(Materials provided)

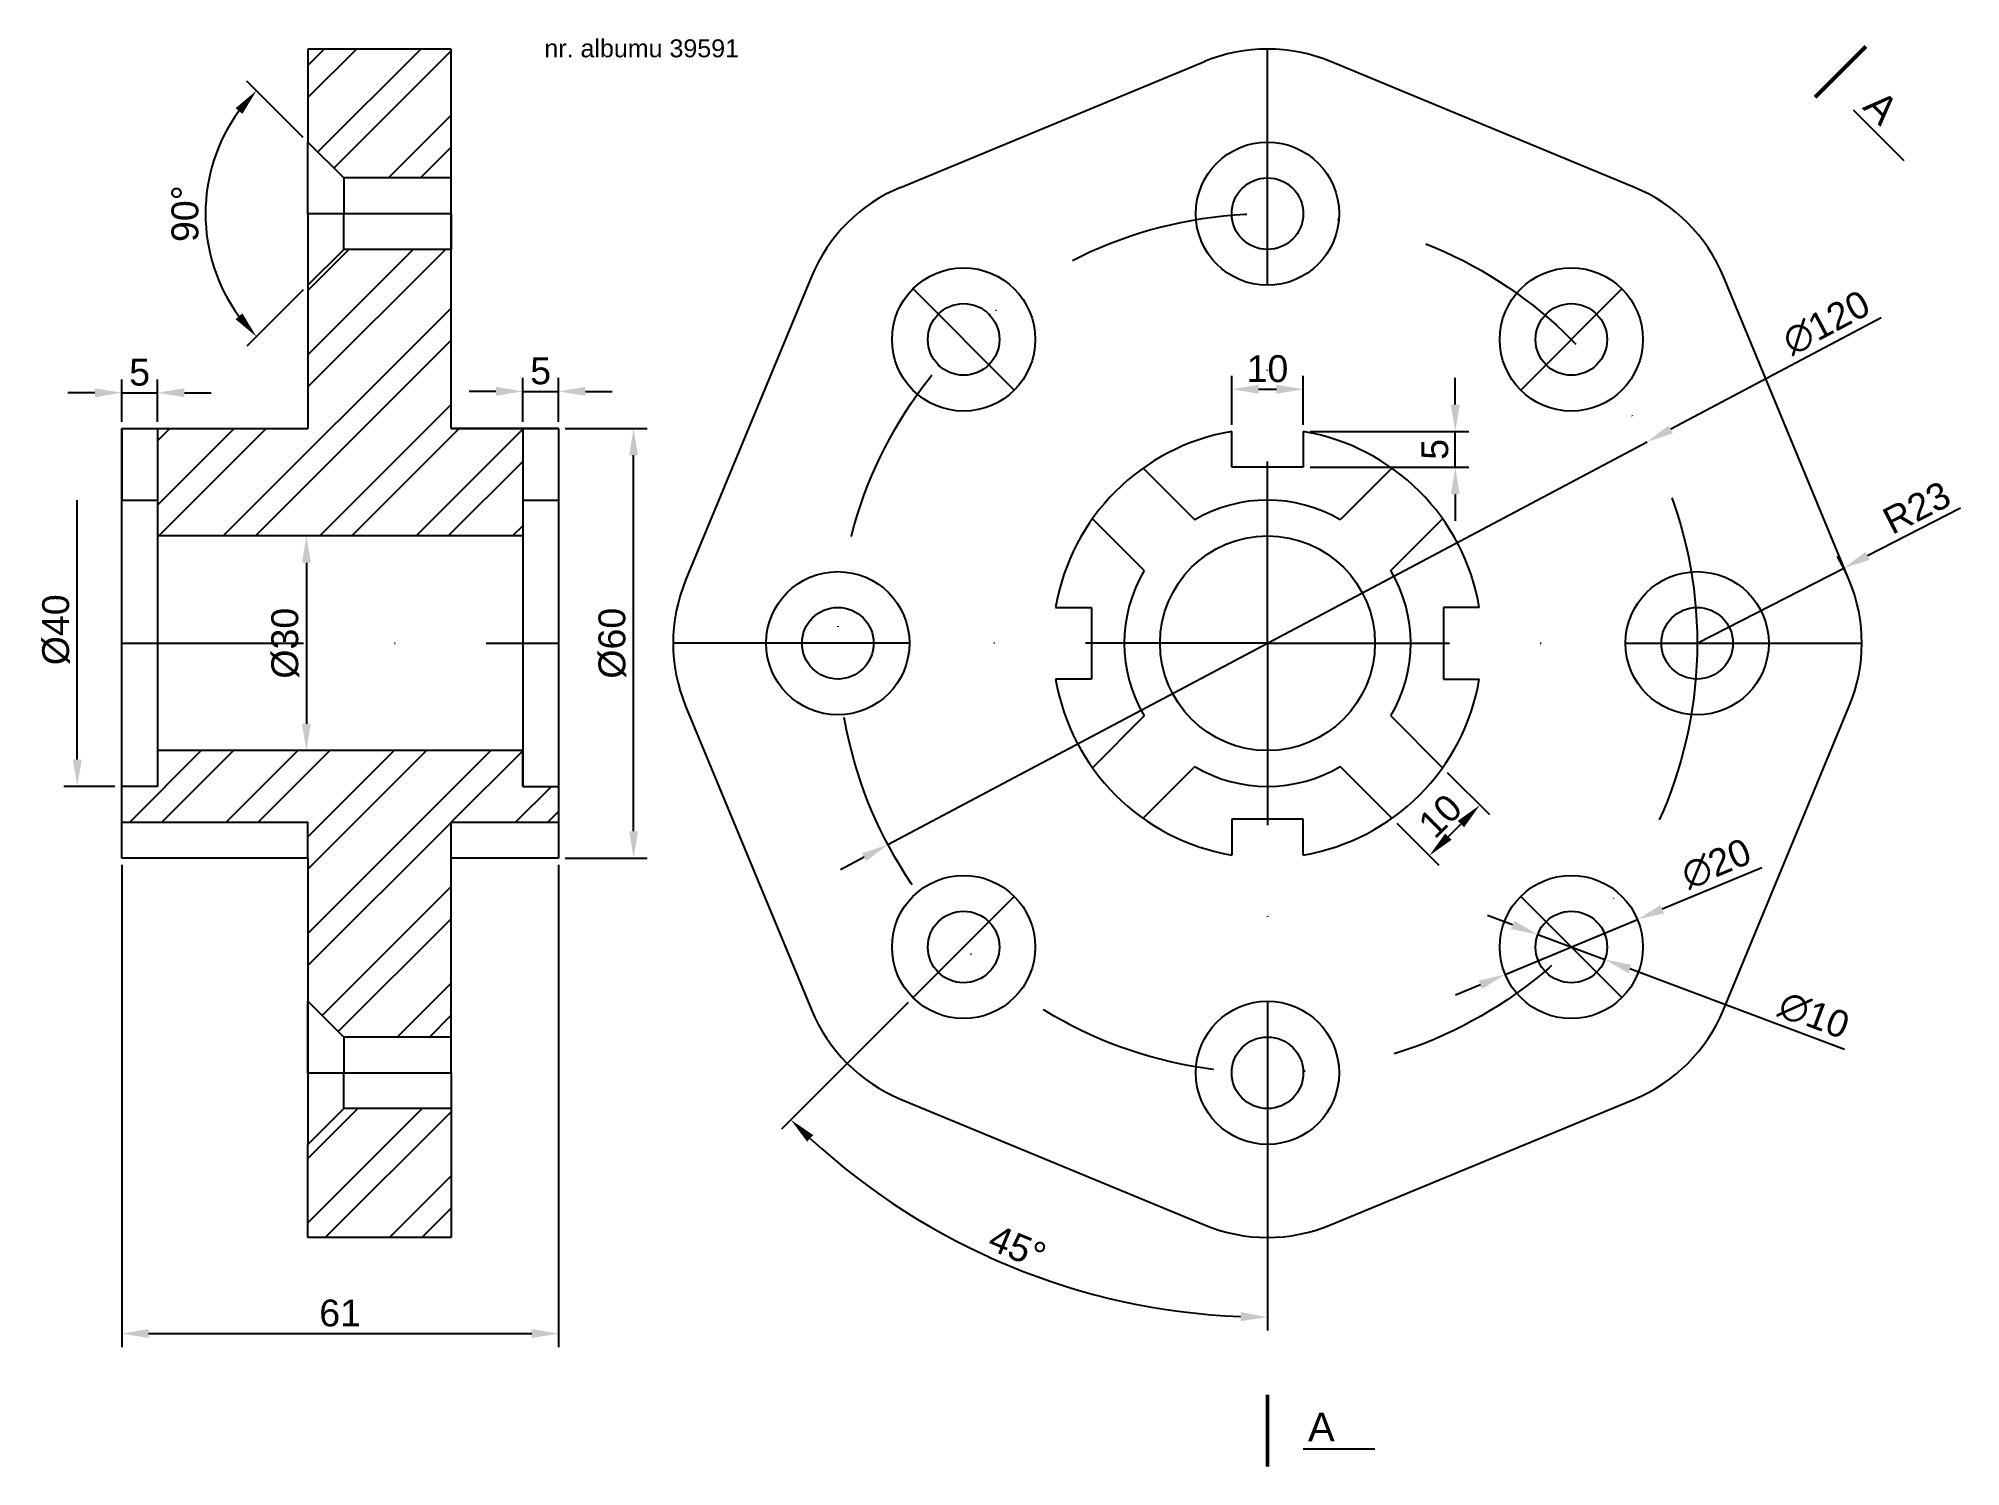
# Model space of a CAD drawing. Header units: millimetres. Extents: x 8 to 277, y 5 to 204.
import ezdxf

# ---------------------------------------------------------------- set-up
doc = ezdxf.new("R2010")
doc.units = ezdxf.units.MM
doc.linetypes.add('KRESKAKROPKAX2', pattern=[50.8, 25.4, -12.7, 0, -12.7])
doc.layers.add('symetria', color=90, linetype='KRESKAKROPKAX2')
doc.layers.add('wymiar', color=10, linetype='Continuous')
doc.styles.get("Standard").update_dxf_attribs({"font": 'arial.ttf'})
doc.dimstyles.new('ISO-25', dxfattribs={"dimscale": 1.5, "dimtxt": 2.5, "dimasz": 2.5, "dimexe": 1.25, "dimexo": 0.625, "dimtad": 1, "dimtxsty": 'Standard', "dimcen": 2.5, "dimadec": 0, "dimazin": 0, "dimtfac": 1, "dimtmove": 0, "dimatfit": 3, "dimfxl": 1, "dimarcsym": 0})
pattern_1 = [(45, (-6e-14, 20), (-6.7352, 6.7352), []), (45, (4.49, 20), (-6.7352, 6.7352), [])]

# ---------------------------------------------------------------- blocks, each defined once
blk = doc.blocks.new('*D2')
at = {"layer": 'Defpoints', "color": 0, "transparency": 16777216}
for p in [(25, 154.99), (20, 150), (25, 150)]:
    blk.add_point(p, dxfattribs=at)
at = {"layer": 'wymiar', "color": 0, "lineweight": -2, "transparency": 16777216}
for p, q in [((20, 150.94), (20, 156.86)), ((25, 150.94), (25, 156.86)), ((16.25, 154.99), (12.5, 154.99)), ((20, 154.99), (25, 154.99)), ((28.75, 154.99), (32.5, 154.99))]:
    blk.add_line(p, q, dxfattribs=at)
at = {"layer": 'wymiar', "color": 0, "transparency": 16777216}
for points in [[(16.25, 155.61), (16.25, 154.36), (20, 154.99)], [(28.75, 155.61), (28.75, 154.36), (25, 154.99)]]:
    blk.add_solid(points, dxfattribs=at)
at = {"layer": 'wymiar', "color": 0, "transparency": 16777216, "insert": (22.5, 157.83), "char_height": 3.75, "attachment_point": 5}
blk.add_mtext('5', dxfattribs=at)
blk = doc.blocks.new('*D3')
at = {"layer": 'Defpoints', "color": 0, "transparency": 16777216}
for p in [(81, 155.18), (76, 150), (81, 150)]:
    blk.add_point(p, dxfattribs=at)
at = {"layer": 'wymiar', "color": 0, "lineweight": -2, "transparency": 16777216}
for p, q in [((76, 150.94), (76, 157.06)), ((81, 150.94), (81, 157.06)), ((72.25, 155.18), (68.5, 155.18)), ((76, 155.18), (81, 155.18)), ((84.75, 155.18), (88.5, 155.18))]:
    blk.add_line(p, q, dxfattribs=at)
at = {"layer": 'wymiar', "color": 0, "transparency": 16777216}
for points in [[(72.25, 155.81), (72.25, 154.56), (76, 155.18)], [(84.75, 155.81), (84.75, 154.56), (81, 155.18)]]:
    blk.add_solid(points, dxfattribs=at)
at = {"layer": 'wymiar', "color": 0, "transparency": 16777216, "insert": (78.5, 158.02), "char_height": 3.75, "attachment_point": 5}
blk.add_mtext('5', dxfattribs=at)
blk = doc.blocks.new('*D4')
at = {"layer": 'Defpoints', "color": 0, "transparency": 16777216}
for p in [(81, 150), (91.48, 150), (81, 90)]:
    blk.add_point(p, dxfattribs=at)
at = {"layer": 'wymiar', "color": 0, "lineweight": -2, "transparency": 16777216}
for p, q in [((81.94, 150), (93.36, 150)), ((91.48, 93.75), (91.48, 146.25)), ((81.94, 90), (93.36, 90))]:
    blk.add_line(p, q, dxfattribs=at)
at = {"layer": 'wymiar', "color": 0, "transparency": 16777216}
for points in [[(90.86, 146.25), (92.11, 146.25), (91.48, 150)], [(90.86, 93.75), (92.11, 93.75), (91.48, 90)]]:
    blk.add_solid(points, dxfattribs=at)
at = {"layer": 'wymiar', "color": 0, "transparency": 16777216, "insert": (88.52, 120), "char_height": 3.75, "attachment_point": 5, "rotation": 90}
blk.add_mtext('%%c60', dxfattribs=at)
blk = doc.blocks.new('*D5')
at = {"layer": 'Defpoints', "color": 0, "transparency": 16777216}
for p in [(50.5, 135), (45.79, 105), (50.5, 105)]:
    blk.add_point(p, dxfattribs=at)
at = {"layer": 'wymiar', "color": 0, "lineweight": -2, "transparency": 16777216}
for p, q in [((49.56, 135), (43.92, 135)), ((45.79, 131.25), (45.79, 108.75)), ((49.56, 105), (43.92, 105))]:
    blk.add_line(p, q, dxfattribs=at)
at = {"layer": 'wymiar', "color": 0, "transparency": 16777216}
for points in [[(45.17, 131.25), (46.42, 131.25), (45.79, 135)], [(45.17, 108.75), (46.42, 108.75), (45.79, 105)]]:
    blk.add_solid(points, dxfattribs=at)
at = {"layer": 'wymiar', "color": 0, "transparency": 16777216, "insert": (42.84, 120), "char_height": 3.75, "attachment_point": 5, "rotation": 90}
blk.add_mtext('%%c30', dxfattribs=at)
blk = doc.blocks.new('*D6')
at = {"layer": 'Defpoints', "color": 0, "transparency": 16777216}
for p in [(13.79, 140), (20, 140), (20, 100)]:
    blk.add_point(p, dxfattribs=at)
at = {"layer": 'wymiar', "color": 0, "lineweight": -2, "transparency": 16777216}
for p, q in [((13.79, 103.75), (13.79, 140)), ((19.06, 100), (11.92, 100))]:
    blk.add_line(p, q, dxfattribs=at)
at = {"layer": 'wymiar', "color": 0, "transparency": 16777216}
blk.add_solid([(13.17, 103.75), (14.42, 103.75), (13.79, 100)], dxfattribs=at)
at = {"layer": 'wymiar', "color": 0, "transparency": 16777216, "insert": (10.84, 121.88), "char_height": 3.75, "attachment_point": 5, "rotation": 90}
blk.add_mtext('%%c40', dxfattribs=at)
blk = doc.blocks.new('_None')
blk = doc.blocks.new('*D9')
at = {"layer": 'Defpoints', "color": 0, "transparency": 16777216}
for p in [(20, 90), (81, 90), (81, 23.58)]:
    blk.add_point(p, dxfattribs=at)
at = {"layer": 'wymiar', "color": 0, "lineweight": -2, "transparency": 16777216}
for p, q in [((20, 89.06), (20, 21.7)), ((81, 89.06), (81, 21.7)), ((23.75, 23.58), (77.25, 23.58))]:
    blk.add_line(p, q, dxfattribs=at)
at = {"layer": 'wymiar', "color": 0, "transparency": 16777216}
for points in [[(23.75, 24.2), (23.75, 22.95), (20, 23.58)], [(77.25, 24.2), (77.25, 22.95), (81, 23.58)]]:
    blk.add_solid(points, dxfattribs=at)
at = {"layer": 'wymiar', "color": 0, "transparency": 16777216, "insert": (50.5, 26.43), "char_height": 3.75, "attachment_point": 5}
blk.add_mtext('61', dxfattribs=at)
blk = doc.blocks.new('*D10')
at = {"layer": 'Defpoints', "color": 0, "transparency": 16777216}
for p in [(46, 190), (32.53, 186.29), (51, 185), (51, 175), (46, 170)]:
    blk.add_point(p, dxfattribs=at)
at = {"layer": 'wymiar', "color": 0, "lineweight": -2, "transparency": 16777216}
for p, q in [((45.34, 190.66), (37.49, 198.51)), ((45.34, 169.34), (37.49, 161.49))]:
    blk.add_line(p, q, dxfattribs=at)
blk.add_arc((56, 180), 24.3, 143.8504, 216.1496, dxfattribs=at)
at = {"layer": 'wymiar', "color": 0, "transparency": 16777216}
for points in [[(35.9, 194.74), (36.85, 193.93), (38.82, 197.18)], [(36.85, 166.07), (35.9, 165.26), (38.82, 162.82)]]:
    blk.add_solid(points, dxfattribs=at)
at = {"layer": 'wymiar', "color": 0, "transparency": 16777216, "insert": (28.85, 180), "char_height": 3.75, "attachment_point": 5, "rotation": 90}
blk.add_mtext('90°', dxfattribs=at)
blk = doc.blocks.new('*U13')
for radius in [10, 5]:
    blk.add_circle((0, 0), radius)
blk = doc.blocks.new('*U14')
at = {"color": 0, "linetype": 'ByBlock', "lineweight": -2, "transparency": 16777216}
for p, rotation in [((180, 180), 180), ((137.57, 162.43), 225), ((222.43, 162.43), 135), ((120, 120), 270), ((240, 120), 90), ((137.57, 77.57), 315), ((222.43, 77.57), 44.99999999999994)]:
    blk.add_blockref('*U13', p, dxfattribs=dict(at, rotation=rotation))
blk.add_blockref('*U13', (180, 60), dxfattribs=at)
blk = doc.blocks.new('*D15')
at = {"layer": 'Defpoints', "color": 0, "transparency": 16777216}
for p in [(204.45, 102.62), (209.67, 97.4), (197.38, 95.55)]:
    blk.add_point(p, dxfattribs=at)
at = {"layer": 'wymiar', "color": 0, "lineweight": -2, "transparency": 16777216}
for p, q in [((205.11, 101.96), (211, 96.07)), ((198.04, 94.89), (203.93, 89)), ((205.25, 92.98), (207.02, 94.75))]:
    blk.add_line(p, q, dxfattribs=at)
at = {"layer": 'wymiar', "color": 0, "transparency": 16777216}
for points in [[(206.58, 95.19), (207.46, 94.3), (209.67, 97.4)], [(204.81, 93.42), (205.7, 92.54), (202.6, 90.33)]]:
    blk.add_solid(points, dxfattribs=at)
at = {"layer": 'wymiar', "color": 0, "transparency": 16777216, "insert": (204.12, 95.88), "char_height": 3.75, "attachment_point": 5, "rotation": 45}
blk.add_mtext('10', dxfattribs=at)
blk = doc.blocks.new('*D17')
at = {"layer": 'Defpoints', "color": 0, "transparency": 16777216}
for p in [(185, 155.47), (175, 149.58), (185, 149.58)]:
    blk.add_point(p, dxfattribs=at)
at = {"layer": 'wymiar', "color": 0, "lineweight": -2, "transparency": 16777216}
for p, q in [((175, 150.52), (175, 157.35)), ((185, 150.52), (185, 157.35)), ((178.75, 155.47), (181.25, 155.47))]:
    blk.add_line(p, q, dxfattribs=at)
at = {"layer": 'wymiar', "color": 0, "transparency": 16777216}
for points in [[(178.75, 156.1), (178.75, 154.85), (175, 155.47)], [(181.25, 156.1), (181.25, 154.85), (185, 155.47)]]:
    blk.add_solid(points, dxfattribs=at)
at = {"layer": 'wymiar', "color": 0, "transparency": 16777216, "insert": (180, 158.33), "char_height": 3.75, "attachment_point": 5}
blk.add_mtext('10', dxfattribs=at)
blk = doc.blocks.new('*D18')
at = {"layer": 'Defpoints', "color": 0, "transparency": 16777216}
for p in [(185, 149.58), (206.23, 149.58), (185, 144.58)]:
    blk.add_point(p, dxfattribs=at)
at = {"layer": 'wymiar', "color": 0, "lineweight": -2, "transparency": 16777216}
for p, q in [((206.23, 153.33), (206.23, 157.08)), ((185.94, 149.58), (208.1, 149.58)), ((206.23, 144.58), (206.23, 149.58)), ((185.94, 144.58), (208.1, 144.58)), ((206.23, 140.83), (206.23, 137.08))]:
    blk.add_line(p, q, dxfattribs=at)
at = {"layer": 'wymiar', "color": 0, "transparency": 16777216}
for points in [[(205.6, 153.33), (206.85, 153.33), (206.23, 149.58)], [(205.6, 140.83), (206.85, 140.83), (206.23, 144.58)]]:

(End Materials provided)

**Task prompt**
Write out, from the lines above, only those from the line with "blk = doc.blocks.new('*U13')" to the line with "blk.add_blockref('*U13', (180, 60), dxfattribs=at)", exactly as given, including the first and the last.

**Output**
blk = doc.blocks.new('*U13')
for radius in [10, 5]:
    blk.add_circle((0, 0), radius)
blk = doc.blocks.new('*U14')
at = {"color": 0, "linetype": 'ByBlock', "lineweight": -2, "transparency": 16777216}
for p, rotation in [((180, 180), 180), ((137.57, 162.43), 225), ((222.43, 162.43), 135), ((120, 120), 270), ((240, 120), 90), ((137.57, 77.57), 315), ((222.43, 77.57), 44.99999999999994)]:
    blk.add_blockref('*U13', p, dxfattribs=dict(at, rotation=rotation))
blk.add_blockref('*U13', (180, 60), dxfattribs=at)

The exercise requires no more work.